Flash McQueen, jeune bolide un peu branleur et égocentrique, rêve d’être le premier rookie (en VF débutant) à remporter la prestigieuse Piston Cup, une compétition de NASCAR, ces courses automobiles tellement passionnantes dont raffolent les Américains qui consistent à faire des tours et des tours sur un piste ovale jusqu’à ce que le commun des mortels s’endorment d’ennui ou s’ouvrent les veines de désespoir. (Parenthèse sérieuse : j’aimerais beaucoup que des fans de ce genre de courses viennent m’expliquer en quoi c’est génial, alors que la F1 ou la Moto GP pourtant plus complexes m’ennuient à mourir).

Alors que Flash était sur le point de gagner, ses pneus éclatent à quelques mètres de l’arrivée permettant à ses deux concurrents, Chick Hicks le moustachu pas gentil et le King, champion sortant, de le rattraper. Pour la première fois de l’histoire de la compétition, il y a 3 ex-æquo, obligeant les organisateurs à refaire une nouvelle course en Californie.

Une arrivée pour le moins... ah zut ! je l'ai sur le bout de la langue !

Une arrivée pour le moins… ah zut ! je l’ai sur le bout de la langue !

A ce moment de mon résumé, j’ai oublié de préciser que les personnages du film sont des voitures/véhicules vivants, avec des yeux à la place du pare-brise et la bouche au niveau des pare-chocs.

Mais la route pour la Californie est semée d’embûches, et suite à une série de péripéties Flash McQueen se retrouve condamné pour travaux d’intérêt général à retaper la route principale (qu’il a détruite) d’un bled perdu, jadis au centre de la mythique route 66, Radiator Springs.

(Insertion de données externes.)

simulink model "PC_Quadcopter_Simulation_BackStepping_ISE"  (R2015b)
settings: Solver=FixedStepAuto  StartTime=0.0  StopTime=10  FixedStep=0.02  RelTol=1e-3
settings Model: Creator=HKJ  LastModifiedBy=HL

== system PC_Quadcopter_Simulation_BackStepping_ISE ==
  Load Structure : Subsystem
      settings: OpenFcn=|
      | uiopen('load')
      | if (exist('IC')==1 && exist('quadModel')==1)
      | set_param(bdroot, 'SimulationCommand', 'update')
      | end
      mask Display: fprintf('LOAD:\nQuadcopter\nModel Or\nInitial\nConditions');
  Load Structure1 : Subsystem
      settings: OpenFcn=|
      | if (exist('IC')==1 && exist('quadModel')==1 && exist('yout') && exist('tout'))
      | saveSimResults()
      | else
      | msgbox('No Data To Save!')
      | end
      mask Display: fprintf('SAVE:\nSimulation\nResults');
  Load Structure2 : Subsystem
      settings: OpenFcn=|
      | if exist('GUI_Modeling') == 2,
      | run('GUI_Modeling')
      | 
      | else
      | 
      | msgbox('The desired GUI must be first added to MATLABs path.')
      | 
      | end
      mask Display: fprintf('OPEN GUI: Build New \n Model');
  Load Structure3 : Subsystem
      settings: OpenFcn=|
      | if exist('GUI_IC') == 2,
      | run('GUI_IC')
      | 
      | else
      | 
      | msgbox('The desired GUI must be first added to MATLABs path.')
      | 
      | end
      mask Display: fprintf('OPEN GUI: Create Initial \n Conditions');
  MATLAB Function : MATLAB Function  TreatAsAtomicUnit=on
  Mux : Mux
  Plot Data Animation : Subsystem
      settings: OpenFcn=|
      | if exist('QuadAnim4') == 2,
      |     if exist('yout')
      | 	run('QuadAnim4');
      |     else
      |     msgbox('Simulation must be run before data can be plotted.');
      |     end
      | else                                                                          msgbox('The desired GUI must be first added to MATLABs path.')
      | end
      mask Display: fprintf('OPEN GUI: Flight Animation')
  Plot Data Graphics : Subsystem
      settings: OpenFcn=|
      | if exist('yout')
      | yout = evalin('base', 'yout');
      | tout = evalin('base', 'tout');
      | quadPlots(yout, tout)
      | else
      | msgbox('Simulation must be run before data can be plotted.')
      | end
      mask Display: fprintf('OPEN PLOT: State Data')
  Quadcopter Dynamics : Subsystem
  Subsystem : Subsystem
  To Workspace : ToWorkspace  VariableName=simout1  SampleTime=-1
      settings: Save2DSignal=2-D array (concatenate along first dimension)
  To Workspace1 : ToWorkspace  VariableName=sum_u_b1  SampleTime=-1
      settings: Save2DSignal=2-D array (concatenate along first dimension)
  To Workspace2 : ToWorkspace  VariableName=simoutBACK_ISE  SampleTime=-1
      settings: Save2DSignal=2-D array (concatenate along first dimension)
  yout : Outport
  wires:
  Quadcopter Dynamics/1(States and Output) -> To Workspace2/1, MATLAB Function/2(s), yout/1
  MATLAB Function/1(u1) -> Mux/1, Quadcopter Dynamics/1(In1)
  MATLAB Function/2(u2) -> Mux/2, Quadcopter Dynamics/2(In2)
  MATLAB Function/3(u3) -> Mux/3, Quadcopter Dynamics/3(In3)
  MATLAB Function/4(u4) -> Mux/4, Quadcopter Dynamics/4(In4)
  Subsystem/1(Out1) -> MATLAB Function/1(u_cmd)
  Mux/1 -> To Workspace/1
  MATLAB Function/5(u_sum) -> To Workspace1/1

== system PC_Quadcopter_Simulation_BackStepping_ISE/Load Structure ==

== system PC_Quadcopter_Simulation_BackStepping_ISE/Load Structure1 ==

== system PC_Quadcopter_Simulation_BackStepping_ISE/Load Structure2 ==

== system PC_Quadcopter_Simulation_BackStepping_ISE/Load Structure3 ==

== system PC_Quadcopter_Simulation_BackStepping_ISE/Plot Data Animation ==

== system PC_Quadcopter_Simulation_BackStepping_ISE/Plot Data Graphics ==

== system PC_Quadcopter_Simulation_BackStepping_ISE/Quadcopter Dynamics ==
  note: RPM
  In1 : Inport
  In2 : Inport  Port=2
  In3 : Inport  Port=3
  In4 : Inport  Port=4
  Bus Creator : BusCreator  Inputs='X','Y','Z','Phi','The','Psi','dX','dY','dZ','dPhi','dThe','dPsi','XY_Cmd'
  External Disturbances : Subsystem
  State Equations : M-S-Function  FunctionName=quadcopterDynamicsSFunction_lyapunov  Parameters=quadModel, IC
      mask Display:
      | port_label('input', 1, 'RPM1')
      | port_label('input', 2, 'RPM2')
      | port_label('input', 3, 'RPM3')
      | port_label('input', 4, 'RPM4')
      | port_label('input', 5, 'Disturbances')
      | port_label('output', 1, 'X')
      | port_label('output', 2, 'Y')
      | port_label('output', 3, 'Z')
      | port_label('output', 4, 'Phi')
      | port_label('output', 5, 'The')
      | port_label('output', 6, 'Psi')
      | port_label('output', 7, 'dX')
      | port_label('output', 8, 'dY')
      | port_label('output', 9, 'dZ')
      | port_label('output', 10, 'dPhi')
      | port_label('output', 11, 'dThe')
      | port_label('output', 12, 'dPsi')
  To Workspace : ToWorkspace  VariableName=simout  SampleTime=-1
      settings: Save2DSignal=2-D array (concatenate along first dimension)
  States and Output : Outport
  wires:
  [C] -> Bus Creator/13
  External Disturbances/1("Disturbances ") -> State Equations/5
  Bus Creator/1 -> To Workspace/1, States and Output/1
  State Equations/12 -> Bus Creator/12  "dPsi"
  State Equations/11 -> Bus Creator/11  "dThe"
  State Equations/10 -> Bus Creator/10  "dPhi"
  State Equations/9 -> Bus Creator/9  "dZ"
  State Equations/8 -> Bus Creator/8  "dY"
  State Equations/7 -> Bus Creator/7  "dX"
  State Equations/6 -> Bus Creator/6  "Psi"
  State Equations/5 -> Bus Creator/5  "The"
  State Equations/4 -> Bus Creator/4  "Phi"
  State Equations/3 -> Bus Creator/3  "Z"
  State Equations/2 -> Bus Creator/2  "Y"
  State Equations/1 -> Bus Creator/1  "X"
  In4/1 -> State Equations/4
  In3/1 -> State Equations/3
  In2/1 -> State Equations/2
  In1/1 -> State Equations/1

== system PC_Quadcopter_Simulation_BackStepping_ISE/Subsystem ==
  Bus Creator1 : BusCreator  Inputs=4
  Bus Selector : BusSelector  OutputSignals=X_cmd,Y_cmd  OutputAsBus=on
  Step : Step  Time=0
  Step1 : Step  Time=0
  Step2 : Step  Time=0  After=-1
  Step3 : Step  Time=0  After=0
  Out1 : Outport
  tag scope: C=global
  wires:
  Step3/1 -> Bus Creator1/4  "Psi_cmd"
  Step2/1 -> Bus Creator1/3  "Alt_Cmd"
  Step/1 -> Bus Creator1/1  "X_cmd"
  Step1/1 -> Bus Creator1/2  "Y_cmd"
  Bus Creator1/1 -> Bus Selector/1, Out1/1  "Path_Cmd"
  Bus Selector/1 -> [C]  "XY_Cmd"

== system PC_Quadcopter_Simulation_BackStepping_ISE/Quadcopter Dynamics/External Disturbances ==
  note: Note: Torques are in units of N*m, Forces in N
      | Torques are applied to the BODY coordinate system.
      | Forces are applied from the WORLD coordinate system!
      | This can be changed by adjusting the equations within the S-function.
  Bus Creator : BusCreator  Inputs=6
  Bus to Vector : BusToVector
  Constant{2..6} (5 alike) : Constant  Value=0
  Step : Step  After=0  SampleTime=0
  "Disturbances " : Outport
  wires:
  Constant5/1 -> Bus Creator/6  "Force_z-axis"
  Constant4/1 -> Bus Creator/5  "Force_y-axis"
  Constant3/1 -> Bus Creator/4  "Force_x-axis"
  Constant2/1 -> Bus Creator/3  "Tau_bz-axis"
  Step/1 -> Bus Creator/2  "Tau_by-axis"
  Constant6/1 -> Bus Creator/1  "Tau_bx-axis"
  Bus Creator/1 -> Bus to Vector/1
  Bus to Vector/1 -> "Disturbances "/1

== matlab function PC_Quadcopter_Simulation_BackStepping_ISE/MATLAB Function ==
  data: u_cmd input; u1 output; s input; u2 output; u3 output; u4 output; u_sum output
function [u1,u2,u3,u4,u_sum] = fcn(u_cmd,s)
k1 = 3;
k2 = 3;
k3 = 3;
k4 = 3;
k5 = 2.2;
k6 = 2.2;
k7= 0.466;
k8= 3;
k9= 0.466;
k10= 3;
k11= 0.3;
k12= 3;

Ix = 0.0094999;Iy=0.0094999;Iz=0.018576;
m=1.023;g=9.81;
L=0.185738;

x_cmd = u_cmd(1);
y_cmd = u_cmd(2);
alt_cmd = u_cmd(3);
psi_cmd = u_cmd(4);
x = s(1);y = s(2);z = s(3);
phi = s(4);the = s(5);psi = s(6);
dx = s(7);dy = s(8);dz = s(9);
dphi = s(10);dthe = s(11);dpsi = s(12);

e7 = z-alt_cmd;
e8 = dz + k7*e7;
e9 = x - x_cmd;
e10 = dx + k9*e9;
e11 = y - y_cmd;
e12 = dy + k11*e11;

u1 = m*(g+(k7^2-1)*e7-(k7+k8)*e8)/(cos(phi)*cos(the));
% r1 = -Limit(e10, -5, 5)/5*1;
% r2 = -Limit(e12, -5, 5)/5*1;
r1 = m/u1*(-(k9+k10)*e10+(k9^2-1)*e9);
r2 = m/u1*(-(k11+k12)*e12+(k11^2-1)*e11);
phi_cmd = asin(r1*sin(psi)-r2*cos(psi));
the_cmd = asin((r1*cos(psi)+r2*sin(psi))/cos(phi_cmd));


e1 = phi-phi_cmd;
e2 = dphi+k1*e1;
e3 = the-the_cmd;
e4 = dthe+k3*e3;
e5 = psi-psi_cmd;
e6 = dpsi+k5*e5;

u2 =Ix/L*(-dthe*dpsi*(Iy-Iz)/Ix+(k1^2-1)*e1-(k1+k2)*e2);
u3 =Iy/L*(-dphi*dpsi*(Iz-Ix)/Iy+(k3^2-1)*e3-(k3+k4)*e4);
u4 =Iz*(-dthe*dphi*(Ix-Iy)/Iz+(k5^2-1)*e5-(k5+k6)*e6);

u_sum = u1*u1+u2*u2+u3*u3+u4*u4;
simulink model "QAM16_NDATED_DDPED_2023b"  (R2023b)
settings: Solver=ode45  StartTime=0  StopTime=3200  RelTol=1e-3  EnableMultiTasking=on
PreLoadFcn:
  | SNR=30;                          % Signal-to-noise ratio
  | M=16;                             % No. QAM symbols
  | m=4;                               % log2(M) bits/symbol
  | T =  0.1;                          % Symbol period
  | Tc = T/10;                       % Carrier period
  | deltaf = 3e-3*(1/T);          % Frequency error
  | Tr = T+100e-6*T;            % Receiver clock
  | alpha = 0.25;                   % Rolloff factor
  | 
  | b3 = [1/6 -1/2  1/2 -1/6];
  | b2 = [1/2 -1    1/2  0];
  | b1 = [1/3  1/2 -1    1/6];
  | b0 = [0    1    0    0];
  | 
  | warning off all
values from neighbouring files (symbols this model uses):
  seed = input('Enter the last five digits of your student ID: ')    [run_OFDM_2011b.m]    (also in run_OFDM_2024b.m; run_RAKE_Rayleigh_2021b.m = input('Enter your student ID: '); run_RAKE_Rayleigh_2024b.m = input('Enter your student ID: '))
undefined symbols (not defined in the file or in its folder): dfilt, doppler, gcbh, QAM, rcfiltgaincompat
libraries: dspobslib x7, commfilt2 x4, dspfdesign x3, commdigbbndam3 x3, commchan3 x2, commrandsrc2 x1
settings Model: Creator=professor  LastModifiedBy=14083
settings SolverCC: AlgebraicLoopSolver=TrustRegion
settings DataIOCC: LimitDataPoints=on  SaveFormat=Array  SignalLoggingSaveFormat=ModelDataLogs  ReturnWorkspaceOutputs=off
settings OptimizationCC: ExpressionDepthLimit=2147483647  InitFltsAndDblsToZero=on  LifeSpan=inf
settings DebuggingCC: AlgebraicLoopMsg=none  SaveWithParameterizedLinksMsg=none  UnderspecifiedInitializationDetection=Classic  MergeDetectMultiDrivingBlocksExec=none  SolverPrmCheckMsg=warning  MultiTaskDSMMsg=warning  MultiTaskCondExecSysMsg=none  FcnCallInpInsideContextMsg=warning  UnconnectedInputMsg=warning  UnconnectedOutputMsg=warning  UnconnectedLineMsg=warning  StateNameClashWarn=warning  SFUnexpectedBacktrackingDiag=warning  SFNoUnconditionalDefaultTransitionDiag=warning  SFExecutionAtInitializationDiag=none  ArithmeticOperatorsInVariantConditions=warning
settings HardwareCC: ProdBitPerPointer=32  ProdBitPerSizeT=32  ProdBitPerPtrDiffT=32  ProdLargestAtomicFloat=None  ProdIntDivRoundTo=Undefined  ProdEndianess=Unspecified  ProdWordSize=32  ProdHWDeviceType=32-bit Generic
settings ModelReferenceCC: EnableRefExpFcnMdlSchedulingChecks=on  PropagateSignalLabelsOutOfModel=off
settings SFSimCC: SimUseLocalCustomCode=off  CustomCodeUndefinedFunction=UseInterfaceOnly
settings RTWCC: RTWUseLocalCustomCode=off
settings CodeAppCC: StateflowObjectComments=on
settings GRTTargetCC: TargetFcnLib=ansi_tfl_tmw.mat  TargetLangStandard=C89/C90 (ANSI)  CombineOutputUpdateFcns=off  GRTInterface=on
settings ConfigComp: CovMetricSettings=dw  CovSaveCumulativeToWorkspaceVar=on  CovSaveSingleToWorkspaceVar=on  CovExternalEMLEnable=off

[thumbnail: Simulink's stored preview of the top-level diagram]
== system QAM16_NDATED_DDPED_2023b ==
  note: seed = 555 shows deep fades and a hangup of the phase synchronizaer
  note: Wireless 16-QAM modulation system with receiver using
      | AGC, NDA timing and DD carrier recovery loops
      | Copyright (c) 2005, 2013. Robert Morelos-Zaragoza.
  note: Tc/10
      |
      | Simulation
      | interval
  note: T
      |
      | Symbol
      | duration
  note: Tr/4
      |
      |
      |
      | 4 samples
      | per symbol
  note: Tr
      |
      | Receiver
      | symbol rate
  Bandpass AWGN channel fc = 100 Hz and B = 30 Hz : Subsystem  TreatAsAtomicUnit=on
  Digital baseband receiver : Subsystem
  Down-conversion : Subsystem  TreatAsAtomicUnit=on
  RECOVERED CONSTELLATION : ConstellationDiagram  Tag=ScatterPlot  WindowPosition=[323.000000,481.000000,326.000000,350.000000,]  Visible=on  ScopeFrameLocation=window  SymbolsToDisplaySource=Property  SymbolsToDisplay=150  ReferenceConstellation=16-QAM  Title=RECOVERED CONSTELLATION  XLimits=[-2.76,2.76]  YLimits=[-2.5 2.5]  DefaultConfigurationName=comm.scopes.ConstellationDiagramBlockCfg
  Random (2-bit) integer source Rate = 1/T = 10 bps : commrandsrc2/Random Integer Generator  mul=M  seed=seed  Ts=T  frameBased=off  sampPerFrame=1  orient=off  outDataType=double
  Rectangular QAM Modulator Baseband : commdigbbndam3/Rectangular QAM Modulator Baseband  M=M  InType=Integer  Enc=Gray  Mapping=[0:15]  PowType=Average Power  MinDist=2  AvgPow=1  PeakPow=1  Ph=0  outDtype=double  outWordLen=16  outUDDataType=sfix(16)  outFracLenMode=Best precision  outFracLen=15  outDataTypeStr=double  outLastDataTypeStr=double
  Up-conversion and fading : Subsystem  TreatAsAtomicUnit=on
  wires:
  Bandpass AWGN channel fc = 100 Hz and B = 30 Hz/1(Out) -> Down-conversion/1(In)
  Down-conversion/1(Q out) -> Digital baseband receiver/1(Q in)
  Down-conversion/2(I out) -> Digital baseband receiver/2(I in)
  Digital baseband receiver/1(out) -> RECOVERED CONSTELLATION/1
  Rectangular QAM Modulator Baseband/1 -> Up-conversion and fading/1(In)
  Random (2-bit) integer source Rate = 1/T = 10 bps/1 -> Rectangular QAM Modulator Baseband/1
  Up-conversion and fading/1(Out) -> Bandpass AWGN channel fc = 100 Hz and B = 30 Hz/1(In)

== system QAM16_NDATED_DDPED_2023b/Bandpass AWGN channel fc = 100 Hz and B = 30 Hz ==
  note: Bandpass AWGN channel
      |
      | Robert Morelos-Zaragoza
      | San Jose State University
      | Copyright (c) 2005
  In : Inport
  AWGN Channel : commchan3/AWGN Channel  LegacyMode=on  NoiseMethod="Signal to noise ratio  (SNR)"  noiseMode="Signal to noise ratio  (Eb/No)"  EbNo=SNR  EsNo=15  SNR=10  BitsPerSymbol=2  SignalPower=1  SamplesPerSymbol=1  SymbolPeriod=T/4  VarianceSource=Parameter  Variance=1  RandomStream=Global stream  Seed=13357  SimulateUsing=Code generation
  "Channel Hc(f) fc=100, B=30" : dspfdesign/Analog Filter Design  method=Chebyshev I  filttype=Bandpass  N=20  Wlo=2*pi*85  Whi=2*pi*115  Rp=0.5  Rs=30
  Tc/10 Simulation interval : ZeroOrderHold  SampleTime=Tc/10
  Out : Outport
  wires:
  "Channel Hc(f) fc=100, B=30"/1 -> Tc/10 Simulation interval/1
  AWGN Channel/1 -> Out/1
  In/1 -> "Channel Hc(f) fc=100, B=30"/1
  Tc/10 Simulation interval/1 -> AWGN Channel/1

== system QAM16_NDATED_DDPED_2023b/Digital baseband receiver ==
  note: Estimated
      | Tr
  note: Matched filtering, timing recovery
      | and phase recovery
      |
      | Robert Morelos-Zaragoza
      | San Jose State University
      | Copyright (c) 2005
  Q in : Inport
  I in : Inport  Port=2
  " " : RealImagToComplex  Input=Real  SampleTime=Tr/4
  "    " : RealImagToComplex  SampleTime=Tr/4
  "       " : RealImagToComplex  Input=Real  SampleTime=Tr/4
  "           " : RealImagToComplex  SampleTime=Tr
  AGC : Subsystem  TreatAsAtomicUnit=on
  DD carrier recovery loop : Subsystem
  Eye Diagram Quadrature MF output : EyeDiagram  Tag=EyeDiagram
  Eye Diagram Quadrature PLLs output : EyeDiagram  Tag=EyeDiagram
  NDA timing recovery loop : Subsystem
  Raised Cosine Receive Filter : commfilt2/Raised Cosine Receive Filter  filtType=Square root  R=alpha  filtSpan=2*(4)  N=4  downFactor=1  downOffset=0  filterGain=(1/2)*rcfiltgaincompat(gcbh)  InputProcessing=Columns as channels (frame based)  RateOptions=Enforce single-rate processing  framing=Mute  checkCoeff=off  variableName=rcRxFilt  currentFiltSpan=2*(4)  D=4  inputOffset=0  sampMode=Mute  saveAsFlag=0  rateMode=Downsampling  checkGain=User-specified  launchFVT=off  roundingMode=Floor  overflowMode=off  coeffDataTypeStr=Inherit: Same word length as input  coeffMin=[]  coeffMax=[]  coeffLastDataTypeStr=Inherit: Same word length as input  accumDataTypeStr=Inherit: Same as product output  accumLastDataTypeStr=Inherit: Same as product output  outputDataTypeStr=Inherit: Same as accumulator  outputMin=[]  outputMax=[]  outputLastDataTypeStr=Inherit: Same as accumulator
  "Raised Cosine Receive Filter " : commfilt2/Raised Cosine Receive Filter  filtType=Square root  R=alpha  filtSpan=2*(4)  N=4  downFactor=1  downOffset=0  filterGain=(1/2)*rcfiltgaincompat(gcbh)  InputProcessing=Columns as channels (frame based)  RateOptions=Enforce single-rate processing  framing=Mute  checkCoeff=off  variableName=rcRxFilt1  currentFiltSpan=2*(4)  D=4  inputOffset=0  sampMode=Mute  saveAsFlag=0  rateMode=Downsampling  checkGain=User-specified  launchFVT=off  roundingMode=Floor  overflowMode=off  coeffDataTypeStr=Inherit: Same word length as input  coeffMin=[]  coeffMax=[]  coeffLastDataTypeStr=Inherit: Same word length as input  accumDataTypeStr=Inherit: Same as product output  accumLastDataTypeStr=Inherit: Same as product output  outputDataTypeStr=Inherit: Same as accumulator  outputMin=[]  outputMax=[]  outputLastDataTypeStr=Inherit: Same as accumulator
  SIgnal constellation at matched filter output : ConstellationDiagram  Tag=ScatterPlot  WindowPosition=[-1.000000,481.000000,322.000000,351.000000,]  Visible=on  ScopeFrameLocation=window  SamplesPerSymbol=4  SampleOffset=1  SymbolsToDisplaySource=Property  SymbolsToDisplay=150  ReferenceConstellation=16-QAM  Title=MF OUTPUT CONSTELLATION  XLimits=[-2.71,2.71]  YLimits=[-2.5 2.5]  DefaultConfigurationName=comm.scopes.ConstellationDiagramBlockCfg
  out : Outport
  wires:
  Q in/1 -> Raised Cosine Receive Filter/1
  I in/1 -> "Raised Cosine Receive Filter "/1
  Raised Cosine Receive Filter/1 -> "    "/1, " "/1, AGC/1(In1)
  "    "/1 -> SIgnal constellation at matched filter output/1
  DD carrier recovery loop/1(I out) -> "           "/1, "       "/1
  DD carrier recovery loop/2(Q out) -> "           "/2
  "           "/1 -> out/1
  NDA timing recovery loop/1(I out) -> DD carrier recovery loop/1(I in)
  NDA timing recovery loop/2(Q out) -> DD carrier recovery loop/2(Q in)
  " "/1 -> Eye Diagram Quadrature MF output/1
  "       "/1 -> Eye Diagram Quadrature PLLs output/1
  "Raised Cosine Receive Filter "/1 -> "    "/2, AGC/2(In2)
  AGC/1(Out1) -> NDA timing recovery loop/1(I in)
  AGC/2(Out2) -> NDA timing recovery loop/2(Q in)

Et très classiquement, au contact des autochtones, simples et sans histoire, Flash deviendra une voiture meilleure…

Les joyeux

Les joyeux péquenauds autochtones habitants de Radiator Springs.

Personnages

Un héros à la langue bien pendue !

Flash MacQueen, un héros à la langue bien pendue !

Flash McQueen : Petit con arrogant et individualiste, Flash, au début du film, ne pense qu’à sa gueule et se met à dos toute son équipe technique. Il est évidemment un petit gars de la ville qui ne connaît rien des vraies valeurs de la vie des rednecks qui vivent isolés dans leur petite ville depuis 30 ans. Mais comme dans tous les bons films américains, à leurs contacts, il apprendra à devenir un super gentil avant la fin du film. Adepte de la méthode Coué, Flash a un mantra assez curieux qu’il répète à longueur de temps « Ka-chow » (retenez bien cette onomatopée si vous voulez briller dans les cours de récré en maternelle !). Flash souhaite quitter son sponsor de ringards, Rust-eze (pommade anti-rouille pour vieux tacots), pour rejoindre le prestigieux Dinoco. Porte le numéro 95 (qui correspond à l’année où Toys Story est sorti au cinéma).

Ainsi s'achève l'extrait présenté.